● **Task instructions**
When a line below contains the string "units", show that line.

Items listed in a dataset
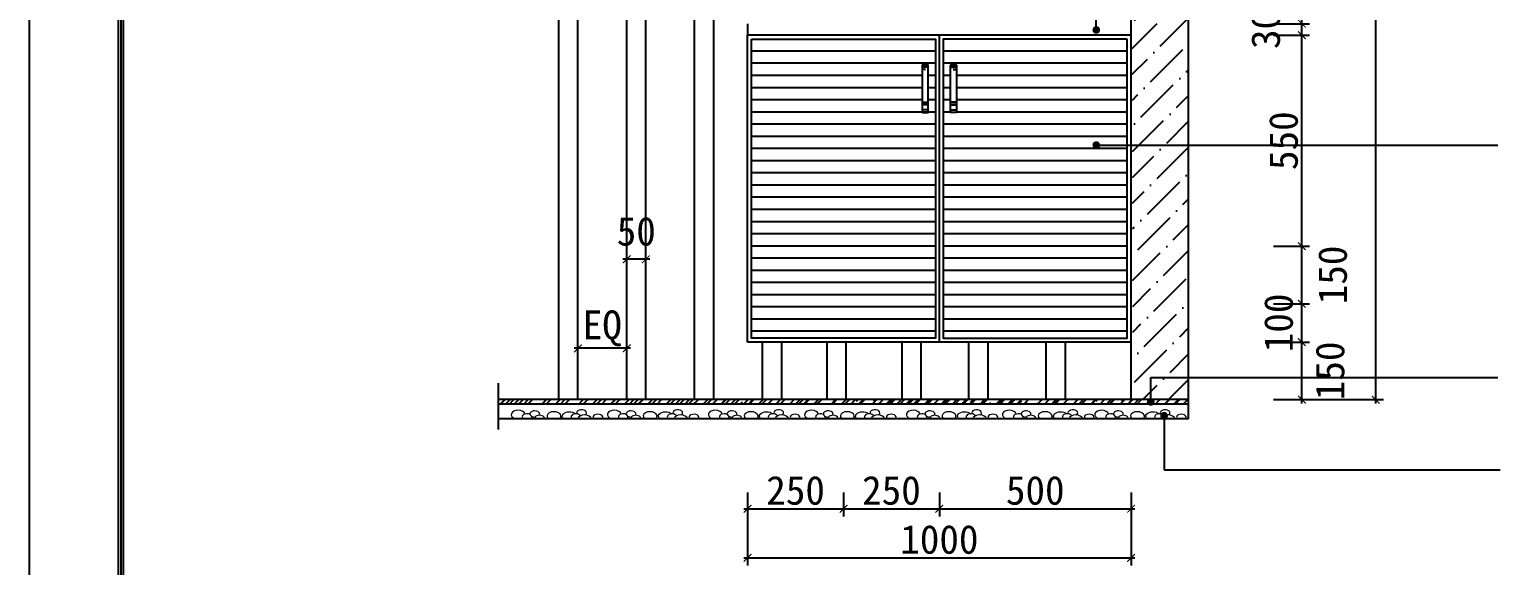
# Model space of a CAD drawing. Header units: millimetres. Extents: x 71641 to 191108, y -23091 to 29972.
# Drawn here: x 71641 to 75478, y -5311 to -3913 of the extents above; entities that cross this region are included whole.
import ezdxf

# ---------------------------------------------------------------- set-up
doc = ezdxf.new("R2010")
doc.units = ezdxf.units.MM
doc.layers.add('00', color=1, linetype='Continuous')
doc.layers.add('8', color=8, linetype='Continuous', lineweight=0)
doc.styles.add('30', font='SimSun.ttf', dxfattribs={"height": 75})
doc.dimstyles.new('30', dxfattribs={"dimscale": 0, "dimtxt": 90, "dimasz": 20, "dimexe": 20, "dimexo": 20, "dimgap": 10, "dimtad": 1, "dimdec": 0, "dimzin": 0, "dimdsep": 46, "dimtxsty": '30', "dimblk": 'ARCHTICK', "dimcen": 20, "dimdle": 10, "dimclrd": 8, "dimclre": 8, "dimclrt": 2, "dimadec": 0, "dimazin": 0, "dimtfac": 1, "dimtdec": 0, "dimtmove": 2, "dimatfit": 3, "dimldrblk": 'DOT', "dimfxl": 0, "dimtolj": 2, "dimtzin": 0, "dimlwd": -1, "dimarcsym": 0})

# ---------------------------------------------------------------- blocks, each defined once
blk = doc.blocks.new('_ARCHTICK')
at = {"color": 0, "linetype": 'ByBlock', "const_width": 0.15}
blk.add_lwpolyline([(-0.5, -0.5), (0.5, 0.5)], dxfattribs=at)
blk = doc.blocks.new('*D86')
at = {"color": 8}
blk.add_line((74959.4, -4888), (74959.4, -4718), dxfattribs=at)
at = {"color": 8, "lineweight": -2}
for p, q in [((74885.4, -4728), (74979.4, -4728)), ((74885.4, -4878), (74979.4, -4878))]:
    blk.add_line(p, q, dxfattribs=at)
at = {"layer": 'Defpoints', "color": 0}
for p in [(74865.4, -4728), (74959.4, -4728), (74865.4, -4878)]:
    blk.add_point(p, dxfattribs=at)
at = {"color": 8, "xscale": 20, "yscale": 20, "zscale": 20}
for p, rotation in [((74959.4, -4728), 90), ((74959.4, -4878), 270)]:
    blk.add_blockref('_ARCHTICK', p, dxfattribs=dict(at, rotation=rotation))
at = {"color": 2, "insert": (75033.3, -4803), "char_height": 75, "attachment_point": 5, "rotation": 90, "style": '30'}
blk.add_mtext('\\A2;150', dxfattribs=at)
blk = doc.blocks.new('_Dot')
at = {"color": 0, "linetype": 'ByBlock', "lineweight": -2}
blk.add_line((-0.5, 0), (-1, 0), dxfattribs=at)
at = {"color": 0, "linetype": 'ByBlock', "const_width": 0.5}
blk.add_lwpolyline([(-0.25, 0, 1), (0.25, 0, 1)], format="xyb", close=True, dxfattribs=at)
blk = doc.blocks.new('DOT')
at = {"color": 0, "linetype": 'ByBlock'}
blk.add_line((-0.5, 0), (-1, 0), dxfattribs=at)
at = {"color": 0, "linetype": 'ByBlock', "const_width": 0.5}
blk.add_lwpolyline([(-0.25, 0, 1), (0.25, 0, 1)], format="xyb", close=True, dxfattribs=at)
blk = doc.blocks.new('*D87')
at = {"color": 8, "lineweight": -2}
for p, q in [((74885.4, -4628), (74979.4, -4628)), ((74885.4, -4728), (74979.4, -4728))]:
    blk.add_line(p, q, dxfattribs=at)
at = {"color": 8}
blk.add_line((74959.4, -4738), (74959.4, -4618), dxfattribs=at)
at = {"layer": 'Defpoints', "color": 0}
for p in [(74865.4, -4628), (74959.4, -4628), (74865.4, -4728)]:
    blk.add_point(p, dxfattribs=at)
at = {"color": 8, "xscale": 20, "yscale": 20, "zscale": 20}
for p, rotation in [((74959.4, -4628), 90), ((74959.4, -4728), 270)]:
    blk.add_blockref('_ARCHTICK', p, dxfattribs=dict(at, rotation=rotation))
at = {"color": 2, "insert": (74899, -4678), "char_height": 75, "attachment_point": 5, "rotation": 90, "style": '30'}
blk.add_mtext('\\A2;100', dxfattribs=at)
blk = doc.blocks.new('*D88')
at = {"color": 8, "lineweight": -2}
for p, q in [((74885.4, -4478), (74979.4, -4478)), ((74885.4, -4628), (74979.4, -4628))]:
    blk.add_line(p, q, dxfattribs=at)
at = {"color": 8}
blk.add_line((74959.4, -4638), (74959.4, -4468), dxfattribs=at)
at = {"layer": 'Defpoints', "color": 0}
for p in [(74865.4, -4478), (74959.4, -4478), (74865.4, -4628)]:
    blk.add_point(p, dxfattribs=at)
at = {"color": 8, "xscale": 20, "yscale": 20, "zscale": 20}
for p, rotation in [((74959.4, -4478), 90), ((74959.4, -4628), 270)]:
    blk.add_blockref('_ARCHTICK', p, dxfattribs=dict(at, rotation=rotation))
at = {"color": 2, "insert": (75040, -4553), "char_height": 75, "attachment_point": 5, "rotation": 90, "style": '30'}
blk.add_mtext('\\A2;150', dxfattribs=at)
blk = doc.blocks.new('*D89')
at = {"color": 8, "lineweight": -2}
for p, q in [((74885.4, -3928), (74979.4, -3928)), ((74885.4, -4478), (74979.4, -4478))]:
    blk.add_line(p, q, dxfattribs=at)
at = {"color": 8}
blk.add_line((74959.4, -4488), (74959.4, -3918), dxfattribs=at)
at = {"layer": 'Defpoints', "color": 0}
for p in [(74865.4, -3928), (74959.4, -3928), (74865.4, -4478)]:
    blk.add_point(p, dxfattribs=at)
at = {"color": 8, "xscale": 20, "yscale": 20, "zscale": 20}
for p, rotation in [((74959.4, -3928), 90), ((74959.4, -4478), 270)]:
    blk.add_blockref('_ARCHTICK', p, dxfattribs=dict(at, rotation=rotation))
at = {"color": 2, "insert": (74911.9, -4203), "char_height": 75, "attachment_point": 5, "rotation": 90, "style": '30'}
blk.add_mtext('\\A2;550', dxfattribs=at)
blk = doc.blocks.new('*D90')
at = {"color": 8, "lineweight": -2}
for p, q in [((74885.4, -3898), (74979.4, -3898)), ((74885.4, -3928), (74979.4, -3928))]:
    blk.add_line(p, q, dxfattribs=at)
at = {"color": 8}
blk.add_line((74959.4, -3938), (74959.4, -3888), dxfattribs=at)
at = {"layer": 'Defpoints', "color": 0}
for p in [(74865.4, -3898), (74959.4, -3898), (74865.4, -3928)]:
    blk.add_point(p, dxfattribs=at)
at = {"color": 8, "xscale": 20, "yscale": 20, "zscale": 20}
for p, rotation in [((74959.4, -3898), 90), ((74959.4, -3928), 270)]:
    blk.add_blockref('_ARCHTICK', p, dxfattribs=dict(at, rotation=rotation))
at = {"color": 2, "insert": (74865.4, -3913), "char_height": 75, "attachment_point": 5, "rotation": 90, "style": '30'}
blk.add_mtext('\\A2;30', dxfattribs=at)
blk = doc.blocks.new('*D93')
at = {"color": 8}
blk.add_line((75152.1, -4888), (75152.1, -2068), dxfattribs=at)
at = {"color": 8, "lineweight": -2}
for p, q in [((74923.5, -2078), (75172.1, -2078)), ((74923.5, -4878), (75172.1, -4878))]:
    blk.add_line(p, q, dxfattribs=at)
at = {"layer": 'Defpoints', "color": 0}
for p in [(74903.5, -2078), (75152.1, -2078), (74903.5, -4878)]:
    blk.add_point(p, dxfattribs=at)
at = {"color": 8, "xscale": 20, "yscale": 20, "zscale": 20}
for p, rotation in [((75152.1, -2078), 90), ((75152.1, -4878), 270)]:
    blk.add_blockref('_ARCHTICK', p, dxfattribs=dict(at, rotation=rotation))
at = {"color": 2, "insert": (75104.6, -3478), "char_height": 75, "attachment_point": 5, "rotation": 90, "style": '30'}
blk.add_mtext('\\A2;2800', dxfattribs=at)
blk = doc.blocks.new('*D94')
at = {"color": 8, "lineweight": -2}
for p, q in [((73514.1, -5120.2), (73514.1, -5182.4)), ((73764.1, -5120.2), (73764.1, -5182.4))]:
    blk.add_line(p, q, dxfattribs=at)
at = {"color": 8}
blk.add_line((73504.1, -5162.4), (73774.1, -5162.4), dxfattribs=at)
at = {"layer": 'Defpoints', "color": 0}
for p in [(73514.1, -5100.2), (73764.1, -5100.2), (73764.1, -5162.4)]:
    blk.add_point(p, dxfattribs=at)
at = {"color": 8, "xscale": 20, "yscale": 20, "zscale": 20, "rotation": 180}
blk.add_blockref('_ARCHTICK', (73514.1, -5162.4), dxfattribs=at)
at = {"color": 8, "xscale": 20, "yscale": 20, "zscale": 20}
blk.add_blockref('_ARCHTICK', (73764.1, -5162.4), dxfattribs=at)
at = {"color": 2, "insert": (73639.1, -5114.9), "char_height": 75, "attachment_point": 5, "style": '30'}
blk.add_mtext('\\A2;250', dxfattribs=at)
blk = doc.blocks.new('*D95')
at = {"color": 8, "lineweight": -2}
for p, q in [((73764.1, -5120.2), (73764.1, -5182.4)), ((74014.1, -5120.2), (74014.1, -5182.4))]:
    blk.add_line(p, q, dxfattribs=at)
at = {"color": 8}
blk.add_line((73754.1, -5162.4), (74024.1, -5162.4), dxfattribs=at)
at = {"layer": 'Defpoints', "color": 0}
for p in [(73764.1, -5100.2), (74014.1, -5100.2), (74014.1, -5162.4)]:
    blk.add_point(p, dxfattribs=at)
at = {"color": 8, "xscale": 20, "yscale": 20, "zscale": 20, "rotation": 180}
blk.add_blockref('_ARCHTICK', (73764.1, -5162.4), dxfattribs=at)
at = {"color": 8, "xscale": 20, "yscale": 20, "zscale": 20}
blk.add_blockref('_ARCHTICK', (74014.1, -5162.4), dxfattribs=at)
at = {"color": 2, "insert": (73889.1, -5114.9), "char_height": 75, "attachment_point": 5, "style": '30'}
blk.add_mtext('\\A2;250', dxfattribs=at)
blk = doc.blocks.new('*D96')
at = {"color": 8, "lineweight": -2}
for p, q in [((74014.1, -5120.2), (74014.1, -5182.4)), ((74514.1, -5120.2), (74514.1, -5182.4))]:
    blk.add_line(p, q, dxfattribs=at)
at = {"color": 8}
blk.add_line((74004.1, -5162.4), (74524.1, -5162.4), dxfattribs=at)
at = {"layer": 'Defpoints', "color": 0}
for p in [(74014.1, -5100.2), (74514.1, -5100.2), (74514.1, -5162.4)]:
    blk.add_point(p, dxfattribs=at)
at = {"color": 8, "xscale": 20, "yscale": 20, "zscale": 20, "rotation": 180}
blk.add_blockref('_ARCHTICK', (74014.1, -5162.4), dxfattribs=at)
at = {"color": 8, "xscale": 20, "yscale": 20, "zscale": 20}
blk.add_blockref('_ARCHTICK', (74514.1, -5162.4), dxfattribs=at)
at = {"color": 2, "insert": (74264.1, -5114.9), "char_height": 75, "attachment_point": 5, "style": '30'}
blk.add_mtext('\\A2;500', dxfattribs=at)
blk = doc.blocks.new('*D97')
at = {"color": 8, "lineweight": -2}
for p, q in [((73514.1, -5120.2), (73514.1, -5310.3)), ((74514.1, -5120.2), (74514.1, -5310.3))]:
    blk.add_line(p, q, dxfattribs=at)
at = {"color": 8}
blk.add_line((73504.1, -5290.3), (74524.1, -5290.3), dxfattribs=at)
at = {"layer": 'Defpoints', "color": 0}
for p in [(73514.1, -5100.2), (74514.1, -5100.2), (74514.1, -5290.3)]:
    blk.add_point(p, dxfattribs=at)
at = {"color": 8, "xscale": 20, "yscale": 20, "zscale": 20, "rotation": 180}
blk.add_blockref('_ARCHTICK', (73514.1, -5290.3), dxfattribs=at)
at = {"color": 8, "xscale": 20, "yscale": 20, "zscale": 20}
blk.add_blockref('_ARCHTICK', (74514.1, -5290.3), dxfattribs=at)
at = {"color": 2, "insert": (74014.1, -5242.8), "char_height": 75, "attachment_point": 5, "style": '30'}
blk.add_mtext('\\A2;1000', dxfattribs=at)
blk = doc.blocks.new('*D98')
at = {"color": 8}
blk.add_line((73208.7, -4744.1), (73061.5, -4744.1), dxfattribs=at)
at = {"color": 8, "lineweight": -2}
for p, q in [((73071.5, -4769), (73071.5, -4724.1)), ((73198.7, -4769), (73198.7, -4724.1))]:
    blk.add_line(p, q, dxfattribs=at)
at = {"layer": 'Defpoints', "color": 0}
for p in [(73071.5, -4744.1), (73071.5, -4789), (73198.7, -4789)]:
    blk.add_point(p, dxfattribs=at)
at = {"color": 8, "xscale": 20, "yscale": 20, "zscale": 20, "rotation": 180}
blk.add_blockref('_ARCHTICK', (73071.5, -4744.1), dxfattribs=at)
at = {"color": 8, "xscale": 20, "yscale": 20, "zscale": 20}
blk.add_blockref('_ARCHTICK', (73198.7, -4744.1), dxfattribs=at)
at = {"color": 2, "insert": (73135.1, -4692.4), "char_height": 75, "attachment_point": 5, "style": '30'}
blk.add_mtext('\\A2;EQ', dxfattribs=at)
blk = doc.blocks.new('*D99')
at = {"color": 8}
blk.add_line((73258.7, -4512.2), (73188.7, -4512.2), dxfattribs=at)
at = {"color": 8, "lineweight": -2}
for p, q in [((73198.7, -4547.5), (73198.7, -4492.2)), ((73248.7, -4547.5), (73248.7, -4492.2))]:
    blk.add_line(p, q, dxfattribs=at)
at = {"layer": 'Defpoints', "color": 0}
for p in [(73198.7, -4512.2), (73198.7, -4567.5), (73248.7, -4567.5)]:
    blk.add_point(p, dxfattribs=at)
at = {"color": 8, "xscale": 20, "yscale": 20, "zscale": 20, "rotation": 180}
blk.add_blockref('_ARCHTICK', (73198.7, -4512.2), dxfattribs=at)
at = {"color": 8, "xscale": 20, "yscale": 20, "zscale": 20}
blk.add_blockref('_ARCHTICK', (73248.7, -4512.2), dxfattribs=at)
at = {"color": 2, "insert": (73223.7, -4439.7), "char_height": 75, "attachment_point": 5, "style": '30'}
blk.add_mtext('\\A2;50', dxfattribs=at)

msp = doc.modelspace()

# ---------------------------------------------------------------- hatches: boundary and pattern name
h = msp.add_hatch()
h.set_pattern_fill('ANSI36', color=8, scale=15, style=0)
h.set_pattern_definition([(45, (-507.107, 421.133), (25.25697, 92.60889), [119.0625, -23.8125, 0, -23.8125])])
edge = h.paths.add_edge_path()
edge.add_line((74518.7, -4878), (74514.1, -2078))
edge.add_line((74514.1, -2078), (72863.3, -2078))
edge.add_line((72863.3, -2078), (72863.3, -1928))
edge.add_line((72863.3, -1928), (74664.1, -1928))
edge.add_line((74664.1, -1928), (74664.1, -4878))
edge.add_line((74664.1, -4878), (74514.1, -4878))
at = {"true_color": 0xbcb757}
h = msp.add_hatch(dxfattribs=at)
h.set_pattern_fill('LINE', color=43, scale=10, style=0)
h.paths.add_polyline_path([(74004.1, -3938), (73524.1, -3938), (73524.1, -4718), (74004.1, -4718)])
h.paths.add_polyline_path([(73969.5, -4129.4), (73969.5, -4006.2), (73984.8, -4006.2), (73984.8, -4129.4)], flags=16)
h = msp.add_hatch(dxfattribs=at)
h.set_pattern_fill('LINE', color=43, scale=10, style=0)
h.set_pattern_definition([(180, (148028.254, 0), (0, 31.75), [])])
h.paths.add_polyline_path([(74024.1, -4718), (74504.1, -4718), (74504.1, -3938), (74024.1, -3938)])
h.paths.add_polyline_path([(74058.8, -4129.4), (74043.4, -4129.4), (74043.4, -4006.2), (74058.8, -4006.2)], flags=16)
at = {"ltscale": 0.5}
h = msp.add_hatch(dxfattribs=at)
h.set_pattern_fill('AR-RROOF', color=191, scale=0.768, angle=360, style=0)
h.set_pattern_definition([(180, (135798.272, -30951.113), (-42.91584, -19.5072), [292.608, -39.0144, 97.536, -19.5072]), (180, (135772.327, -30960.867), (19.5072, -25.944576), [58.5216, -6.437376, 117.0432, -14.6304]), (180, (135788.518, -30967.694), (-101.43744, -13.069824), [156.0576, -27.31008, 78.0288, -19.5072])])
h.paths.add_polyline_path([(73969.5, -4102.2), (73969.5, -4129.4), (73984.8, -4129.4), (73984.8, -4102.2)])
h.paths.add_polyline_path([(73984.8, -4025.9), (73984.8, -4000.2), (73969.5, -4000.2), (73969.5, -4025.9)])
h = msp.add_hatch(dxfattribs=at)
h.set_pattern_fill('AR-RROOF', color=191, scale=0.768, angle=360, style=0)
h.set_pattern_definition([(3e-14, (12229.982, -30951.113), (42.91584, -19.5072), [292.608, -39.0144, 97.536, -19.5072]), (3e-14, (12255.926, -30960.867), (-19.5072, -25.944576), [58.5216, -6.437376, 117.0432, -14.6304]), (3e-14, (12239.736, -30967.694), (101.43744, -13.069824), [156.0576, -27.31008, 78.0288, -19.5072])])
h.paths.add_polyline_path([(74058.8, -4102.2), (74058.8, -4129.4), (74043.4, -4129.4), (74043.4, -4102.2)])
h.paths.add_polyline_path([(74043.4, -4025.9), (74043.4, -4000.2), (74058.8, -4000.2), (74058.8, -4025.9)])
h = msp.add_hatch()
h.set_pattern_fill('AR-RROOF', color=140, angle=45, style=0)
h.set_pattern_definition([(45, (-24838.712, 9259.925), (21.552615, 57.473639), [381, -50.8, 127, -25.4]), (45, (-24823.805, 9292.793), (-41.847994, 5.926969), [76.2, -8.382, 152.4, -19.05]), (45, (-24844.999, 9284.172), (81.3611205, 105.428207), [203.2, -35.56, 101.6, -25.4])])
h.paths.add_polyline_path([(74664.1, -4890), (74664.1, -4878), (72863.3, -4878), (72863.3, -4890)])

# ---------------------------------------------------------------- linework, layer by layer
at = {"color": 0}
for p, q in [((74664.1, -4928), (74664.1, -1928)), ((74514.1, -4878), (74514.1, -2078)), ((74664.1, -4878), (72863.3, -4878)), ((74664.1, -4928), (72863.3, -4928))]:
    msp.add_line(p, q, dxfattribs=at)
at = {"color": 4}
for p, q in [((73021.5, -4878), (73021.5, -2528)), ((73071.5, -4878), (73071.5, -2528)), ((73198.7, -4878), (73198.7, -2528)), ((73248.7, -4878), (73248.7, -2528)), ((73375.9, -4878), (73375.9, -2528)), ((73425.9, -4878), (73425.9, -2528)), ((73553.1, -4878), (73553.1, -4728)), ((73603.1, -4878), (73603.1, -4728)), ((73721.2, -4878), (73721.2, -4728)), ((73771.2, -4878), (73771.2, -4728)), ((73917, -4878), (73917, -4728)), ((73967, -4878), (73967, -4728)), ((74091.1, -4878), (74091.1, -4728)), ((74141.1, -4878), (74141.1, -4728)), ((74292.8, -4878), (74292.8, -4728)), ((74342.8, -4878), (74342.8, -4728))]:
    msp.add_line(p, q, dxfattribs=at)
at = {"color": 3}
for p, q in [((73514.1, -3898), (73514.1, -3928)), ((73514.1, -4728), (73514.1, -3928)), ((74514.1, -3928), (73514.1, -3928)), ((74014.1, -4728), (74014.1, -3928)), ((74514.1, -4728), (73514.1, -4728))]:
    msp.add_line(p, q, dxfattribs=at)
at = {"color": 8}
for p, q in [((73969.5, -4102.2), (73984.8, -4102.2)), ((74058.8, -4102.2), (74043.4, -4102.2))]:
    msp.add_line(p, q, dxfattribs=at)
at = {"color": 1}
for p, q in [((72863.3, -4834.8), (72863.3, -4956.1)), ((74664.1, -4890), (72863.3, -4890))]:
    msp.add_line(p, q, dxfattribs=at)
at = {"color": 3, "lineweight": -2}
for points in [[(71873.6, -1371.3), (83355.2, -1371.3), (83355.2, -9390.9), (71873.6, -9390.9)], [(71880.1, -1377.8), (83348.7, -1377.8), (83348.7, -9384.4), (71880.1, -9384.4)], [(71886.6, -1384.3), (83342.2, -1384.3), (83342.2, -9377.9), (71886.6, -9377.9)]]:
    msp.add_lwpolyline(points, close=True, dxfattribs=at)
at = {"color": 8}
for points in [[(73524.1, -3938), (74004.1, -3938), (74004.1, -4718), (73524.1, -4718)], [(74504.1, -3938), (74024.1, -3938), (74024.1, -4718), (74504.1, -4718)], [(73969.5, -4129.4), (73984.8, -4129.4), (73984.8, -4006.2), (73969.5, -4006.2)], [(74058.8, -4129.4), (74043.4, -4129.4), (74043.4, -4006.2), (74058.8, -4006.2)]]:
    msp.add_lwpolyline(points, close=True, dxfattribs=at)
at = {"layer": '00', "color": 8, "lineweight": -2}
msp.add_lwpolyline([(71641.1, -1138.7), (83587.7, -1138.7), (83587.7, -9623.5), (71641.1, -9623.5)], close=True, dxfattribs=at)
at = {"layer": '8', "color": 11}
for centre, major_axis, start_param, end_param in [((72915.8, -4917.2), (-18.2, 0.5), 3.340932, 7.444953), ((72959.1, -4915.3), (-12.7, 0.4), 2.748562, 7.945945), ((73009, -4921.1), (-18.2, 0.5), 2.593698, 6.925742), ((73081, -4912.4), (-12.7, 0.4), 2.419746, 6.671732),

● **Solution**
# Model space of a CAD drawing. Header units: millimetres. Extents: x 71641 to 191108, y -23091 to 29972.
doc.units = ezdxf.units.MM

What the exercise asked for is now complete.